### EXERCISE AIM
Below are entries. Copy exactly the lines running from the line that holds "TP1: SCL; TestPoint_Keystone_5015_Micro_Mini" to the line that holds "(PA2); also elsewhere on the board", with both ends included.

RECORDED DATA Block Start

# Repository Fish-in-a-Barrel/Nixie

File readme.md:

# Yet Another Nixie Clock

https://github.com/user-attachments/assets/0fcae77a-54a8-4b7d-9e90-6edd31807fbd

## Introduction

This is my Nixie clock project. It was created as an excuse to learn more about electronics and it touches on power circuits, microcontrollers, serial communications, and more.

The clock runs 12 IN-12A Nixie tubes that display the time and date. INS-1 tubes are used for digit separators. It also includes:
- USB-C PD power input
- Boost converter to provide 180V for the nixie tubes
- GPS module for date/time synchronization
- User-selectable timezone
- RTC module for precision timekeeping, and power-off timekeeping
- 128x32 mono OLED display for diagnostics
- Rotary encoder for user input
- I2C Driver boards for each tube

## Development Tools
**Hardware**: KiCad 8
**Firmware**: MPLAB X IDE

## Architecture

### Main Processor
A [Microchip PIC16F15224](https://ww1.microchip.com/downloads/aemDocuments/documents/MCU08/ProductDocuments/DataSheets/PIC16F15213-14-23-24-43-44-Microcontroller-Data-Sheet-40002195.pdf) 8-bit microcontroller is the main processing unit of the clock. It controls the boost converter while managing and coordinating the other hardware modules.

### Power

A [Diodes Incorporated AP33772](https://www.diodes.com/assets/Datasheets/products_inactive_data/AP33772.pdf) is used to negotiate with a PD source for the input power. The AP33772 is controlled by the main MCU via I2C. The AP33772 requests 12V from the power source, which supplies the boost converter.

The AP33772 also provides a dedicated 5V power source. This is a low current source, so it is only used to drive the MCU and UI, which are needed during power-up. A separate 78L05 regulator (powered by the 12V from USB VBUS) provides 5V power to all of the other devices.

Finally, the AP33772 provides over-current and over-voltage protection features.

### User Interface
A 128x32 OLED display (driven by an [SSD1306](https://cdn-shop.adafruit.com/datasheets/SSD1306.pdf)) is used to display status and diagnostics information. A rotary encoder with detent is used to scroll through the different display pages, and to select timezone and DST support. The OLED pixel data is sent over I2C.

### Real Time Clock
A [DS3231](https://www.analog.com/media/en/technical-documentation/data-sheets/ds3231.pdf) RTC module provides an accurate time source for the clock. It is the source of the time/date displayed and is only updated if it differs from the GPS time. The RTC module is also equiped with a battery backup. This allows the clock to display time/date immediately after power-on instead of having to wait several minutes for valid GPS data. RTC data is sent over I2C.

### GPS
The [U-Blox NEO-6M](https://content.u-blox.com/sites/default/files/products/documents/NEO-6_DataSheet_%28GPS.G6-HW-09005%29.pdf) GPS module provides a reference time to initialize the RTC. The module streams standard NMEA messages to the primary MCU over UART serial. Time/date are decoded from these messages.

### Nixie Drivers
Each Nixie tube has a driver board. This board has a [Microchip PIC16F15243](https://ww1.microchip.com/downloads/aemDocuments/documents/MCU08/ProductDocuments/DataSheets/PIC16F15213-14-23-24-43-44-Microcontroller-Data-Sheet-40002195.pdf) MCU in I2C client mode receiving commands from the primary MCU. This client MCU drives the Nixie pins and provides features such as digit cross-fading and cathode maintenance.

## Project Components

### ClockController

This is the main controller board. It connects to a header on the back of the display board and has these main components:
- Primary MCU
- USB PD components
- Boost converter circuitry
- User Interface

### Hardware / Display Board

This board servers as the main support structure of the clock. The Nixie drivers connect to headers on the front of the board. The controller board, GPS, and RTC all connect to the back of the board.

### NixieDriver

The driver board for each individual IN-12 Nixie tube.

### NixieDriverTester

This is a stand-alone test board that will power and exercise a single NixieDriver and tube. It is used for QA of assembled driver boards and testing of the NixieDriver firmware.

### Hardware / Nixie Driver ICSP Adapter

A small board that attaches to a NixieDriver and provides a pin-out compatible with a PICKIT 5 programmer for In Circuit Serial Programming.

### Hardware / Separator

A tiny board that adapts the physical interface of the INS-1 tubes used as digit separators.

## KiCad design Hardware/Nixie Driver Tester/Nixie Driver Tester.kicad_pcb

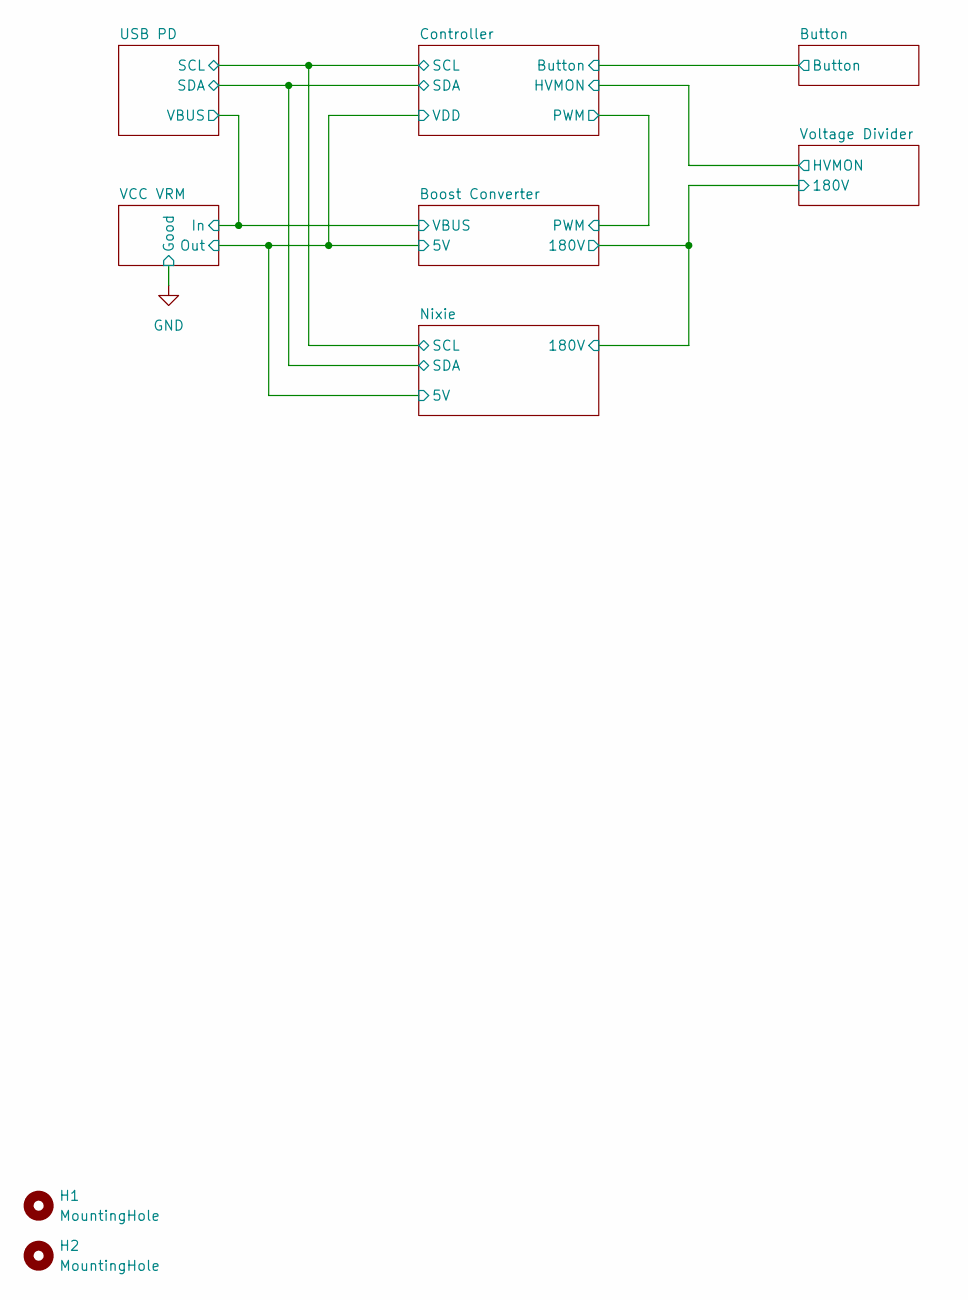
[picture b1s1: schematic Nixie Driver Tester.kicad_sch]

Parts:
H1, H2: MountingHole; MountingHole_3.2mm_M3

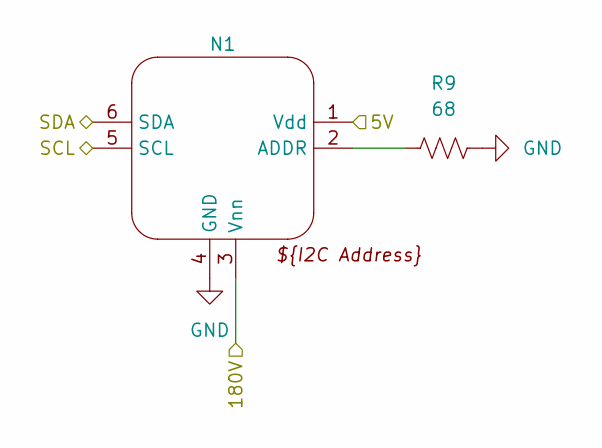
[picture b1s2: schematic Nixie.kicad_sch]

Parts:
N1: Nixie; Nixie Driver V2
R9: 68; R_1206_3216Metric

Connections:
/Boost Converter/180V: N1.3 (Vnn); also elsewhere on the board
/Controller/SCL: N1.5 (SCL); also elsewhere on the board
/Controller/SDA: N1.6 (SDA); also elsewhere on the board
/VCC VRM/V_Out: N1.1 (Vdd); also elsewhere on the board
GND: N1.4 (GND), R9.2; also elsewhere on the board
unnamed: N1.2 (ADDR), R9.1

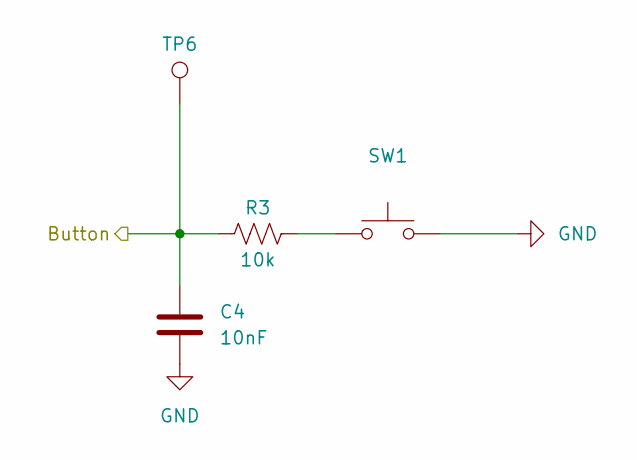
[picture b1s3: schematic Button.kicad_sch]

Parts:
C4: 10nF; C_0603_1608Metric
R3: 10k; R_0603_1608Metric
SW1: SW_Omron_B3FS; B3F-10xx
TP6: BTN; TestPoint_Keystone_5015_Micro_Mini

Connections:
/Button/Button: C4.1, R3.1, TP6.1 (1_1); also elsewhere on the board
GND: C4.2, SW1.2; also elsewhere on the board
unnamed: R3.2, SW1.1

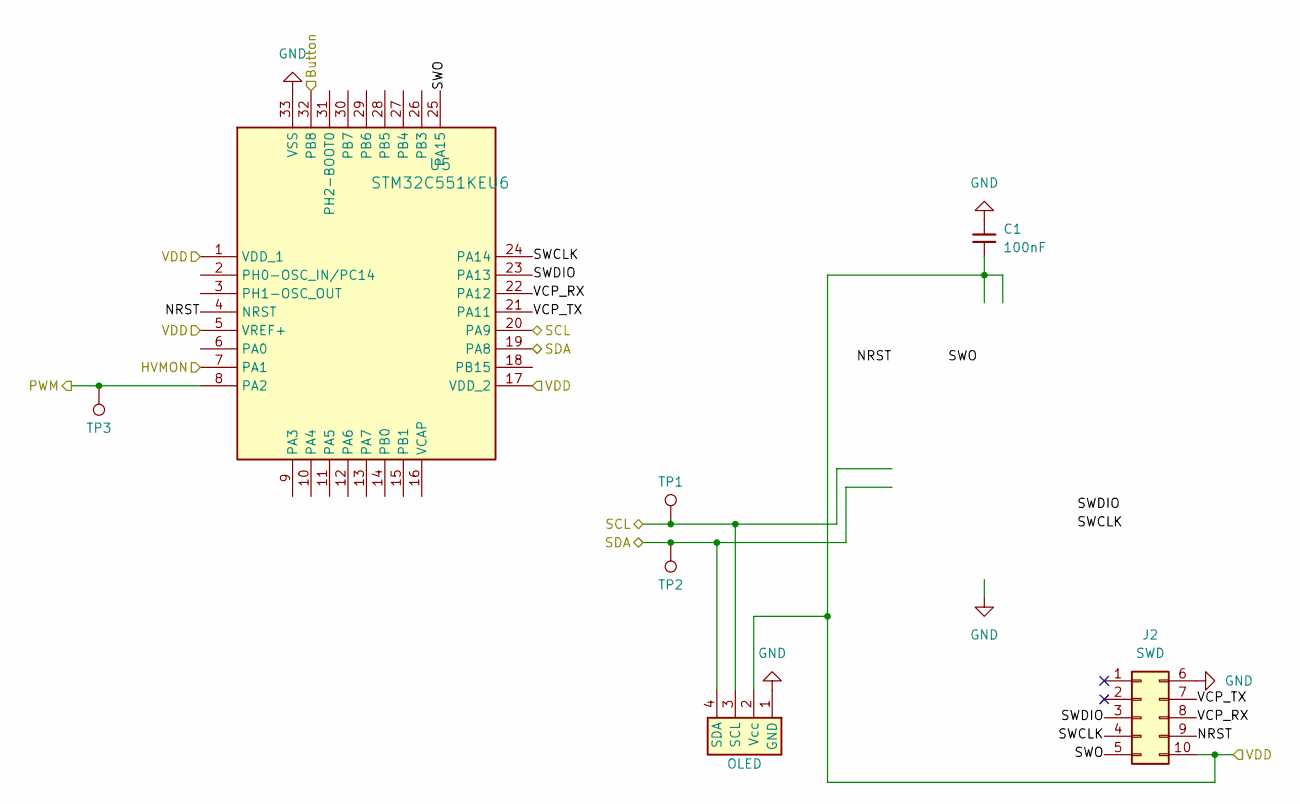
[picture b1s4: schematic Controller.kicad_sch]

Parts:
C1: 100nF; C_0603_1608Metric
J1: OLED; SSD1306 0.91 128x32 OLED
J2: SWD; AVX-009159010061911
TP1: SCL; TestPoint_Keystone_5015_Micro_Mini
TP2: SDA; TestPoint_Keystone_5015_Micro_Mini
TP3: PWM; TestPoint_Keystone_5015_Micro_Mini
U5: STM32C551KEU6; UFQFPN-32-1EP_5x5mm_P0.5mm_EP3.5x3.5mm; Manufacturer_Part_Number STM32C551KEU6

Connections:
/Boost Converter/PWM: TP3.1 (1_1), U5.8 (PA2); also elsewhere on the board
/Button/Button: U5.32 (PB8); also elsewhere on the board
/Controller/HVMON: U5.7 (PA1); also elsewhere on the board
/Controller/NRST: J2.9, U5.4 (NRST)
/Controller/SCL: J1.3 (SCL), TP1.1 (1_1), U5.20 (PA9); also elsewhere on the board
/Controller/SDA: J1.4 (SDA), TP2.1 (1_1), U5.19 (PA8); also elsewhere on the board
/Controller/SWCLK: J2.4, U5.24 (PA14)
/Controller/SWDIO: J2.3, U5.23 (PA13)
/Controller/SWO: J2.5, U5.25 (PA15)
/Controller/VCP_RX: J2.8, U5.22 (PA12)
/Controller/VCP_TX: J2.7, U5.21 (PA11)
/VCC VRM/V_Out: C1.2, J1.2 (Vcc), J2.10, U5.1 (VDD_1), U5.5 (VREF+), U5.17 (VDD_2); also elsewhere on the board
GND: C1.1, J1.1 (GND), J2.6, U5.33 (VSS); also elsewhere on the board

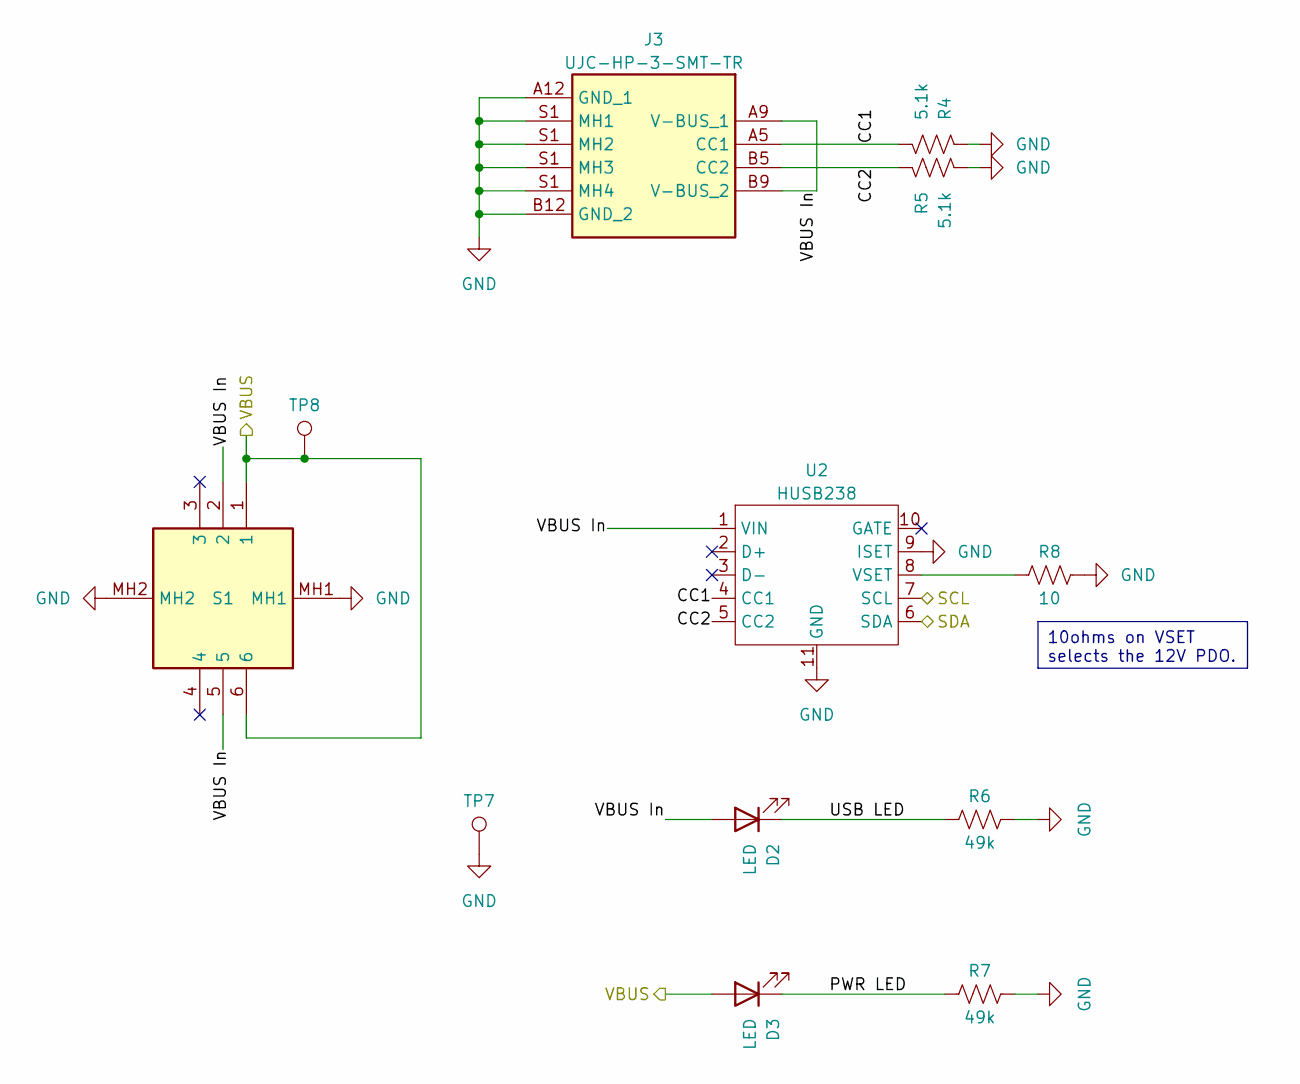
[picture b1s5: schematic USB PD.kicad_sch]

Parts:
D2, D3: LED; LED_0603_1608Metric
J3: UJC-HP-3-SMT-TR; CUI_UJC-HP-3-SMT-TR; Manufacturer_Part_Number UJC-HP-3-SMT-TR; Mouser Part Number 490-UJC-HP-3-SMT-TR
R4, R5: 5.1k; R_0603_1608Metric
R6, R7: 49k; R_0603_1608Metric
R8: 10; R_0603_1608Metric
S1: SLW-111629-7A-D; SLW1116297AD; Mouser Part Number 179-SLW-111629-7A-D
TP7: GND; TestPoint_Keystone_5015_Micro_Mini
TP8: VBUS; TestPoint_Keystone_5015_Micro_Mini
U2: HUSB238; DFN-10-1EP_3x3mm_P0.5mm_EP1.65x2.38mm

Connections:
/Boost Converter/VBUS: D3.2 (A), S1.1, S1.6, TP8.1 (1_1); also elsewhere on the board
/Controller/SCL: U2.7 (SCL); also elsewhere on the board
/Controller/SDA: U2.6 (SDA); also elsewhere on the board
/USB PD/CC1: J3.A5 (CC1), R4.2, U2.4 (CC1)
/USB PD/CC2: J3.B5 (CC2), R5.1, U2.5 (CC2)
/USB PD/PWR LED: D3.1 (K), R7.1
/USB PD/USB LED: D2.1 (K), R6.1
/USB PD/VBUS In: D2.2 (A), J3.A9 (V-BUS_1), J3.B9 (V-BUS_2), S1.2, S1.5, U2.1 (VIN)
GND: J3.A12 (GND_1), J3.B12 (GND_2), J3.S1 (MH3), R4.1, R5.2, R6.2, R7.2, R8.2, S1.MH1, S1.MH2, TP7.1 (1_1), U2.9 (ISET), U2.11 (GND); also elsewhere on the board
unnamed: R8.1, U2.8 (VSET)

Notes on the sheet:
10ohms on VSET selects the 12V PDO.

RECORDED DATA Block End

### THE COMPLETED TASK
TP1: SCL; TestPoint_Keystone_5015_Micro_Mini
TP2: SDA; TestPoint_Keystone_5015_Micro_Mini
TP3: PWM; TestPoint_Keystone_5015_Micro_Mini
U5: STM32C551KEU6; UFQFPN-32-1EP_5x5mm_P0.5mm_EP3.5x3.5mm; Manufacturer_Part_Number STM32C551KEU6

Connections:
/Boost Converter/PWM: TP3.1 (1_1), U5.8 (PA2); also elsewhere on the board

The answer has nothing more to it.